## [DIRECTIONS]
Below are entries; count the lines among them that contain the word "CanSetRcvMsg", and give only the count.

[RECORDS SUPPLIED Boundary: Start]

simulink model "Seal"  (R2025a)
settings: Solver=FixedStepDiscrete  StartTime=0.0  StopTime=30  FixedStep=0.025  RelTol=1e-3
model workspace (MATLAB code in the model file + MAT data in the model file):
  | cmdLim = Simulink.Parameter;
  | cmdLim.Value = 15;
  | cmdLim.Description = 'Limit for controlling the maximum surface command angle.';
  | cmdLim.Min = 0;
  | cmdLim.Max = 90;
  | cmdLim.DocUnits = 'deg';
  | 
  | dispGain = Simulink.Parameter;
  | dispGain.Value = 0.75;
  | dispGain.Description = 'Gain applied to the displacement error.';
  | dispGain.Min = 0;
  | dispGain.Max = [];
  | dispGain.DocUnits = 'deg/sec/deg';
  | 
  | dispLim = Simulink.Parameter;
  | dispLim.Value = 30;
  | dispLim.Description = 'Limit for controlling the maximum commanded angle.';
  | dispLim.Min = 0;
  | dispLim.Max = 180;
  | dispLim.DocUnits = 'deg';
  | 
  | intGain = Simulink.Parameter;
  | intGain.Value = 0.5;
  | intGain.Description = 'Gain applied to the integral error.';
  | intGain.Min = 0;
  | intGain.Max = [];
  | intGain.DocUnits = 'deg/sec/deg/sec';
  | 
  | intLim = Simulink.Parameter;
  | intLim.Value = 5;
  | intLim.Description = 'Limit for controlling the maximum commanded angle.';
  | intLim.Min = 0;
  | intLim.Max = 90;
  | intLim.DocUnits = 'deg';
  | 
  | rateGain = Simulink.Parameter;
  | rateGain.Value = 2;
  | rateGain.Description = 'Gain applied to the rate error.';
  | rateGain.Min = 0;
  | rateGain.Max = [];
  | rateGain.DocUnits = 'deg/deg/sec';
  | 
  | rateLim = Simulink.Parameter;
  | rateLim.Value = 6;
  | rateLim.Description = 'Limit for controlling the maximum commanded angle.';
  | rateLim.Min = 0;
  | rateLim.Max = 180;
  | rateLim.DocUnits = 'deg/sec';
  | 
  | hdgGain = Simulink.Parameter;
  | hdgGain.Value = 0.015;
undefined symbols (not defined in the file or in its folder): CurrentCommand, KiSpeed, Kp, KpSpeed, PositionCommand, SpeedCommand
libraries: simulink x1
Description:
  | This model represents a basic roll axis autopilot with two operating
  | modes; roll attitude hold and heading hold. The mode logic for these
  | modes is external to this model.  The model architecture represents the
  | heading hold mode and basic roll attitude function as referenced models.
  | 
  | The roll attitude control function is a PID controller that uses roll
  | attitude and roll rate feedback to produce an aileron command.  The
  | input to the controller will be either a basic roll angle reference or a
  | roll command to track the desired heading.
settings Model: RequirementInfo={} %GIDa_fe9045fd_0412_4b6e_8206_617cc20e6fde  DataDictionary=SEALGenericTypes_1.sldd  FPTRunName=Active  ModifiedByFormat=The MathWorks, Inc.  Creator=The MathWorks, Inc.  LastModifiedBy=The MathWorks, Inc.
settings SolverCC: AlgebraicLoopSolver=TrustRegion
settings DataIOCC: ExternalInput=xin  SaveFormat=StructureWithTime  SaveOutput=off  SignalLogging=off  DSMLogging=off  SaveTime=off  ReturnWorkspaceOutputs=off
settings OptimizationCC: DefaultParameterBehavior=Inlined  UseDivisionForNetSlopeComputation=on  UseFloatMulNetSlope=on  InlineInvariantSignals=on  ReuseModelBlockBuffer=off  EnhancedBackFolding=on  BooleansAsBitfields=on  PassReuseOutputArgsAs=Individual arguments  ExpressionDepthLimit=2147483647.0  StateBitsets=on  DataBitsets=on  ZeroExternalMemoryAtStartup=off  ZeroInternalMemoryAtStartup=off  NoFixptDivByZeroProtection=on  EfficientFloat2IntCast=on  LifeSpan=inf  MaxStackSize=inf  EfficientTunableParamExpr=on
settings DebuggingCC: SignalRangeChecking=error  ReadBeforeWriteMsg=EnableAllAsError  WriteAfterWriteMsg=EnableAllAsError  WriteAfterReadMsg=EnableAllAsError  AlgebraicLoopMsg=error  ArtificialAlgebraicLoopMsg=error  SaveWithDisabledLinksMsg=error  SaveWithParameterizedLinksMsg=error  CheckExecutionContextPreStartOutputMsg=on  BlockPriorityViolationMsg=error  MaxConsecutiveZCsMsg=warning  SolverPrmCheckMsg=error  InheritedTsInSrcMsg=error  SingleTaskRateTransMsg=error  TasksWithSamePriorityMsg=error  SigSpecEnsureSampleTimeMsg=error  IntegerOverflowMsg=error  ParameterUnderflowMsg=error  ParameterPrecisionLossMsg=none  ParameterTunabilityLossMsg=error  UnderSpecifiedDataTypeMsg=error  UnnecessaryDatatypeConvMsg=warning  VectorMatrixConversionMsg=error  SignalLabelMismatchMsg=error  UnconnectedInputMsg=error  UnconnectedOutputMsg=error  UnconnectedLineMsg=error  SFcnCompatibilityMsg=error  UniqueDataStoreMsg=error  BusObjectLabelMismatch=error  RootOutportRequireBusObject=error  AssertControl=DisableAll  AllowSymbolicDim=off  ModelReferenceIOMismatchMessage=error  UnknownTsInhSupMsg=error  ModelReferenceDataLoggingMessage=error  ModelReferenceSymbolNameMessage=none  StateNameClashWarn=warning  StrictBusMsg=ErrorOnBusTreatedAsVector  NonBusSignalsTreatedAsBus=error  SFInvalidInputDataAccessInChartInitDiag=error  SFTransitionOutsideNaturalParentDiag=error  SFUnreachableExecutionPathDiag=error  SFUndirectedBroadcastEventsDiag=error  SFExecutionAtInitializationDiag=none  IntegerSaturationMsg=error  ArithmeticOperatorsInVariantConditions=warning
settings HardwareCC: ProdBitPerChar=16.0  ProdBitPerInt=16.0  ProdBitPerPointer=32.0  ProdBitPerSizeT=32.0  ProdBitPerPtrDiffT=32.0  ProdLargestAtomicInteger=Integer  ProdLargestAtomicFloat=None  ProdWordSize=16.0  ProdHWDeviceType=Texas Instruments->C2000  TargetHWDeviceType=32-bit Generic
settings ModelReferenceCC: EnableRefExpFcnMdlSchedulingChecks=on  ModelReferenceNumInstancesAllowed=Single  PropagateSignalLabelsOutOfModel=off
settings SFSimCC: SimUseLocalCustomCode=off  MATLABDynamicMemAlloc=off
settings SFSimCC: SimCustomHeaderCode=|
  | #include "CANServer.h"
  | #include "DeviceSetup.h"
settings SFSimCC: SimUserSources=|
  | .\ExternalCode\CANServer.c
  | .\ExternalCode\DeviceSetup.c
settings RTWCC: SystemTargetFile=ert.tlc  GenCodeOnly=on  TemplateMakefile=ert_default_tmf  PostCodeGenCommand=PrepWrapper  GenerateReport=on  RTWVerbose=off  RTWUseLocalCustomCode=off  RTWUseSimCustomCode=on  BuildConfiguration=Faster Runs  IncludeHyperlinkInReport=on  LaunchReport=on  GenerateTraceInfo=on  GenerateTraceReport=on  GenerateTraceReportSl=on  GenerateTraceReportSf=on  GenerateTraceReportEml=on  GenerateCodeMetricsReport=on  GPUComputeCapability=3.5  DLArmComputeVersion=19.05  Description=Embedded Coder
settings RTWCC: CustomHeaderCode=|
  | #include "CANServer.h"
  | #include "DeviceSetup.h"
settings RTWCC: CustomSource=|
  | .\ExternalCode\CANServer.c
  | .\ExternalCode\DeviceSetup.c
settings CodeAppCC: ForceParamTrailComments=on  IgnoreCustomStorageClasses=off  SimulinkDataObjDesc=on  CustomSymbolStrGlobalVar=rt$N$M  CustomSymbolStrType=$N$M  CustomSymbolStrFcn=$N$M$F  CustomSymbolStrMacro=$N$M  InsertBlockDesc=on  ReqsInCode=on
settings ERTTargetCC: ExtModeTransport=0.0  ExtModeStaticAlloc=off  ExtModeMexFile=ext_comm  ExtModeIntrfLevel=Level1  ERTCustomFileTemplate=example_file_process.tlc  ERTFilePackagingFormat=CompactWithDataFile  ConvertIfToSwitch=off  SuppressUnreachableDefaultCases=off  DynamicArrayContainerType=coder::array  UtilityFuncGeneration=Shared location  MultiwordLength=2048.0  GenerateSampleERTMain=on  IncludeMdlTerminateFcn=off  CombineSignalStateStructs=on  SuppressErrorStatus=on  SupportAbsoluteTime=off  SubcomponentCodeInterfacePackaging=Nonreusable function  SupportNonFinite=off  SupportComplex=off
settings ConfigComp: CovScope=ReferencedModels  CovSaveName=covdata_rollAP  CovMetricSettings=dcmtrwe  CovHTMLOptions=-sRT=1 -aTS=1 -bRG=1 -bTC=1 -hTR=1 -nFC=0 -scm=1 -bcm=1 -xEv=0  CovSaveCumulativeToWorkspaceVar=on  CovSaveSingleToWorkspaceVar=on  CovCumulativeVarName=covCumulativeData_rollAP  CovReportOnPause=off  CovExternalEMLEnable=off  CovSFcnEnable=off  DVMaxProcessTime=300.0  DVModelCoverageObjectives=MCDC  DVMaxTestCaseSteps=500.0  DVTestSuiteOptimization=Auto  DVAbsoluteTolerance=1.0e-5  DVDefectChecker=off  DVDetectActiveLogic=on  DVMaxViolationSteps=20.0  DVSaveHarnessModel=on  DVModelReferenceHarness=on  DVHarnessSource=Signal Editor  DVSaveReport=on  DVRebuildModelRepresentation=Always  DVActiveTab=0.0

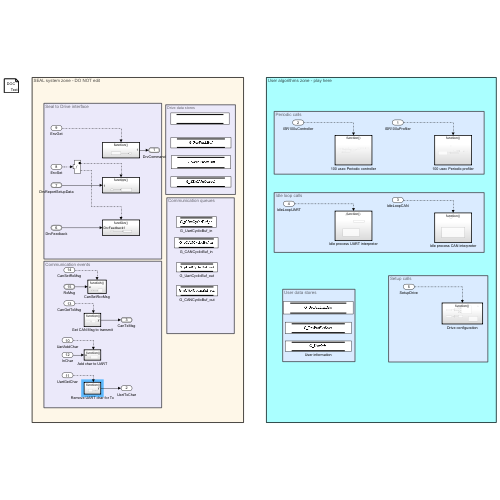
[thumbnail: Simulink's stored preview of the top-level diagram]
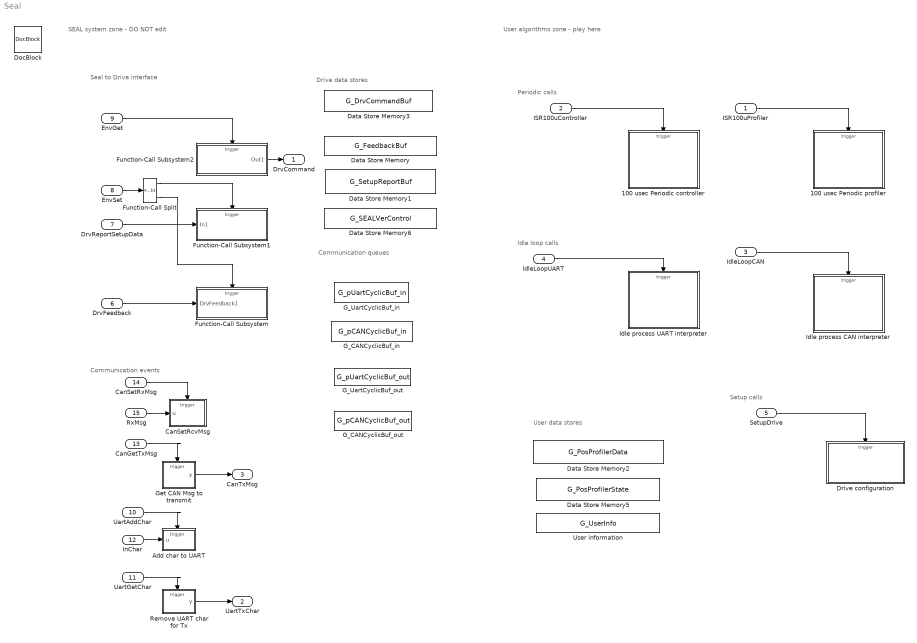
== system Seal ==
  note: User algorithms zone - play here
  note: SEAL system zone - DO NOT edit
  note: Communication queues
  note: Communication events
  note: Seal to Drive interface
  note: Setup calls
  note: Idle loop calls
  note: Periodic calls
  note: User data stores
  note: Drive data stores
  ISR100uProfiler : Inport  Priority=1  OutputFunctionCall=on
  ISR100uController : Inport  Priority=1  Port=2  OutputFunctionCall=on
  IdleLoopCAN : Inport  Priority=1  Port=3  OutputFunctionCall=on
  IdleLoopUART : Inport  Priority=1  Port=4  OutputFunctionCall=on
  SetupDrive : Inport  Priority=1  Port=5  OutputFunctionCall=on
  DrvFeedback : Inport  Port=6  OutDataTypeStr=Bus: FeedbackBuf_T  PortDimensions=1  BusOutputAsStruct=on
  DrvReportSetupData : Inport  Port=7  OutDataTypeStr=Bus: SetupReportBuf_T  PortDimensions=1  BusOutputAsStruct=on
  EnvSet : Inport  Priority=1  Port=8  OutputFunctionCall=on
  EnvGet : Inport  Priority=1  Port=9  OutputFunctionCall=on
  UartAddChar : Inport  Priority=1  Port=10  OutputFunctionCall=on
  UartGetChar : Inport  Priority=1  Port=11  OutputFunctionCall=on
  InChar : Inport  Port=12  PortDimensions=1
  CanGetTxMsg : Inport  Priority=1  Port=13  OutputFunctionCall=on
  CanSetRxMsg : Inport  Priority=1  Port=14  OutputFunctionCall=on
  RxMsg : Inport  Port=15  OutDataTypeStr=Bus: CANMessage_T  PortDimensions=1  BusOutputAsStruct=on
  100 usec Periodic controller : Subsystem  TreatAsAtomicUnit=on
  100 usec Periodic profiler : Subsystem  TreatAsAtomicUnit=on
  Add char to UART : Subsystem  TreatAsAtomicUnit=on
  CanSetRcvMsg : Subsystem  TreatAsAtomicUnit=on
  Data Store Memory : DataStoreMemory  DataStoreName=G_FeedbackBuf  WriteAfterWriteMsg=warning  VectorParams1D=off  ShowAdditionalParam=off  OutDataTypeStr=Bus: FeedbackBuf_T  StateMustResolveToSignalObject=on
  Data Store Memory1 : DataStoreMemory  DataStoreName=G_SetupReportBuf  WriteAfterWriteMsg=warning  ShowAdditionalParam=off  OutDataTypeStr=Bus: SetupReportBuf_T  StateMustResolveToSignalObject=on
  Data Store Memory2 : DataStoreMemory  DataStoreName=G_PosProfilerData  WriteAfterWriteMsg=warning  InitialValue=PosProfilerData_init  ShowAdditionalParam=off  OutDataTypeStr=Bus: PosProfilerData_T
  Data Store Memory3 : DataStoreMemory  DataStoreName=G_DrvCommandBuf  WriteAfterWriteMsg=warning  ShowAdditionalParam=off  OutDataTypeStr=Bus: DrvCommandBuf_T  StateMustResolveToSignalObject=on
  Data Store Memory5 : DataStoreMemory  DataStoreName=G_PosProfilerState  WriteAfterWriteMsg=warning  InitialValue=PosProfilerState_init  ShowAdditionalParam=off  OutDataTypeStr=Bus: PosProfilerState_T
  Data Store Memory6 : DataStoreMemory  DataStoreName=G_SEALVerControl  WriteAfterWriteMsg=warning  InitialValue=SEALVerControl_init  ShowAdditionalParam=off  OutDataTypeStr=Bus: SEALVerControl_T  StateMustResolveToSignalObject=on
  DocBlock : simulink/Model-Wide Utilities/DocBlock  DocumentType=Text
      content=|
      | These are the global variables for communication with the hosting servo drive.
      | NEVER remove them!
      | They are declared as global variables of the drive.
      | Their structure   is given in the p-coded file HostDriveInterface.p
      |
      | G_DrvCommandBuf     stores the commands to the servo drive.
      | G_SetupReportBuf    reports the setup parameters of the hosting servo drive to the SEAL application
      | FeedbackBuf         reports the feedback and sensor values to the SEAL application.
  Drive configuration : Subsystem  TreatAsAtomicUnit=on
  Function-Call Split : FunctionCallSplit  IconShape=distinctive  NumOutputPorts=2  OutputPortLayout=default
  Function-Call Subsystem : Subsystem  TreatAsAtomicUnit=on
  Function-Call Subsystem1 : Subsystem  TreatAsAtomicUnit=on
  Function-Call Subsystem2 : Subsystem  TreatAsAtomicUnit=on
  G_CANCyclicBuf_in : DataStoreMemory  DataStoreName=G_pCANCyclicBuf_in  WriteAfterWriteMsg=warning  ShowAdditionalParam=off  OutDataTypeStr=Bus: CANCyclicBuf_T  StateMustResolveToSignalObject=on
  G_CANCyclicBuf_out : DataStoreMemory  DataStoreName=G_pCANCyclicBuf_out  WriteAfterWriteMsg=warning  ShowAdditionalParam=off  OutDataTypeStr=Bus: CANCyclicBuf_T  StateMustResolveToSignalObject=on
  G_UartCyclicBuf_in : DataStoreMemory  DataStoreName=G_pUartCyclicBuf_in  WriteAfterWriteMsg=warning  ShowAdditionalParam=off  OutDataTypeStr=Bus: UartCyclicBuf_T  Dimensions=1  StateMustResolveToSignalObject=on
  G_UartCyclicBuf_out : DataStoreMemory  DataStoreName=G_pUartCyclicBuf_out  WriteAfterWriteMsg=warning  ShowAdditionalParam=off  OutDataTypeStr=Bus: UartCyclicBuf_T  StateMustResolveToSignalObject=on
  Get CAN Msg to transmit : Subsystem  TreatAsAtomicUnit=on
  Idle process CAN interpreter : Subsystem  TreatAsAtomicUnit=on
  Idle process UART interpreter : Subsystem  TreatAsAtomicUnit=on
  Remove UART char for Tx : Subsystem  TreatAsAtomicUnit=on
  User information : DataStoreMemory  DataStoreName=G_UserInfo  WriteAfterWriteMsg=warning  InitialValue=G_UserInfo_init  ShowAdditionalParam=off  OutDataTypeStr=Bus: UserInfo_T
  DrvCommand : Outport  OutDataTypeStr=Bus: DrvCommandBuf_T
  UartTxChar : Outport  Port=2  OutDataTypeStr=uint16
  CanTxMsg : Outport  Port=3  OutDataTypeStr=Bus: CANMessage_T  PortDimensions=1
  wires:
  ISR100uProfiler/1 -> 100 usec Periodic profiler/Trigger
  IdleLoopCAN/1 -> Idle process CAN interpreter/Trigger
  IdleLoopUART/1 -> Idle process UART interpreter/Trigger
  SetupDrive/1 -> Drive configuration/Trigger
  ISR100uController/1 -> 100 usec Periodic controller/Trigger
  DrvFeedback/1 -> Function-Call Subsystem/1(DrvFeedback1)
  DrvReportSetupData/1 -> Function-Call Subsystem1/1(In1)
  Function-Call Subsystem2/1(Out1) -> DrvCommand/1
  EnvSet/1 -> Function-Call Split/1
  InChar/1 -> Add char to UART/1(u)
  UartAddChar/1 -> Add char to UART/Trigger
  UartGetChar/1 -> Remove UART char for Tx/Trigger
  Remove UART char for Tx/1(y) -> UartTxChar/1
  CanGetTxMsg/1 -> Get CAN Msg to transmit/Trigger
  Get CAN Msg to transmit/1(y) -> CanTxMsg/1
  CanSetRxMsg/1 -> CanSetRcvMsg/Trigger
  RxMsg/1 -> CanSetRcvMsg/1(u)
  Function-Call Split/2 -> Function-Call Subsystem/Trigger
  Function-Call Split/1 -> Function-Call Subsystem1/Trigger
  EnvGet/1 -> Function-Call Subsystem2/Trigger

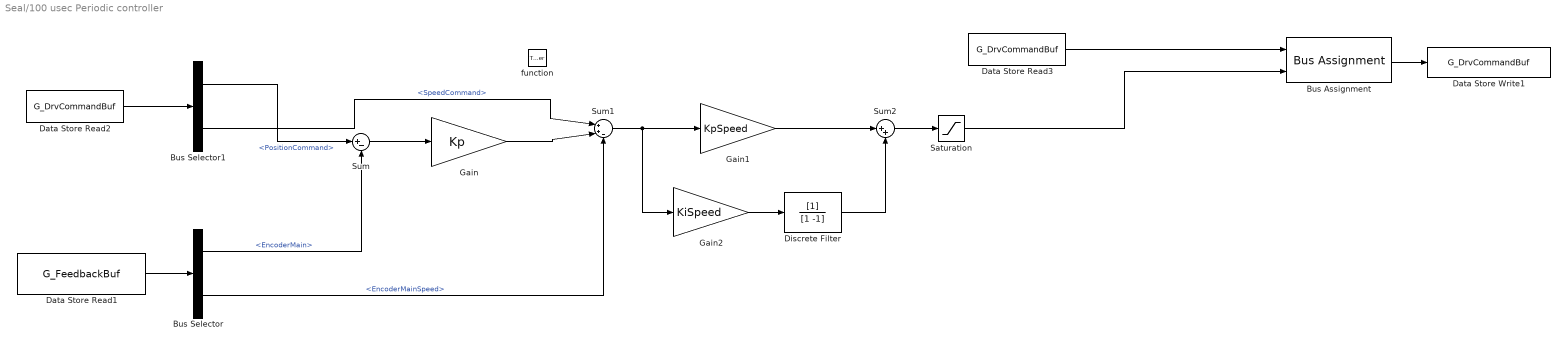
== system Seal/100 usec Periodic controller ==
  function : TriggerPort  TriggerType=function-call  VariantControl=(inherit)
  Bus Assignment : BusAssignment  AssignedSignals=CurrentCommand
  Bus Selector : BusSelector  OutputSignals=EncoderMain,EncoderMainSpeed
  Bus Selector1 : BusSelector  OutputSignals=PositionCommand,SpeedCommand
  Data Store Read1 : DataStoreRead  DataStoreName=G_FeedbackBuf  IndexOptions=Index vector (dialog)  Indices=1  OutputSizes=1
  Data Store Read2 : DataStoreRead  DataStoreName=G_DrvCommandBuf  IndexOptions=Index vector (dialog)  Indices=1  OutputSizes=1
  Data Store Read3 : DataStoreRead  DataStoreName=G_DrvCommandBuf  IndexOptions=Index vector (dialog)  Indices=1  OutputSizes=1
  Data Store Write1 : DataStoreWrite  DataStoreName=G_DrvCommandBuf  IndexOptions=Index vector (dialog)  Indices=1  OutputSizes=1
  Discrete Filter : DiscreteFilter  Denominator=[1 -1]
  Gain : Gain  Gain=Kp
  Gain1 : Gain  Gain=KpSpeed
  Gain2 : Gain  Gain=KiSpeed
  Saturation : Saturate
  Sum : Sum  Inputs=|+-
  Sum1 : Sum  Inputs=|++-
  Sum2 : Sum  Inputs=|++
  wires:
  Data Store Read3/1 -> Bus Assignment/1
  Bus Assignment/1 -> Data Store Write1/1
  Data Store Read1/1 -> Bus Selector/1
  Bus Selector/1 -> Sum/2  "<EncoderMain>"
  Data Store Read2/1 -> Bus Selector1/1
  Bus Selector1/1 -> Sum/1  "<PositionCommand>"
  Sum/1 -> Gain/1
  Gain/1 -> Sum1/2
  Bus Selector1/2 -> Sum1/1  "<SpeedCommand>"
  Bus Selector/2 -> Sum1/3  "<EncoderMainSpeed>"
  Sum1/1 -> Gain2/1, Gain1/1
  Gain2/1 -> Discrete Filter/1
  Gain1/1 -> Sum2/1
  Discrete Filter/1 -> Sum2/2
  Sum2/1 -> Saturation/1
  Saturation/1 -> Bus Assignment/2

[RECORDS SUPPLIED Boundary: End]

## [TASK SOLUTION]
3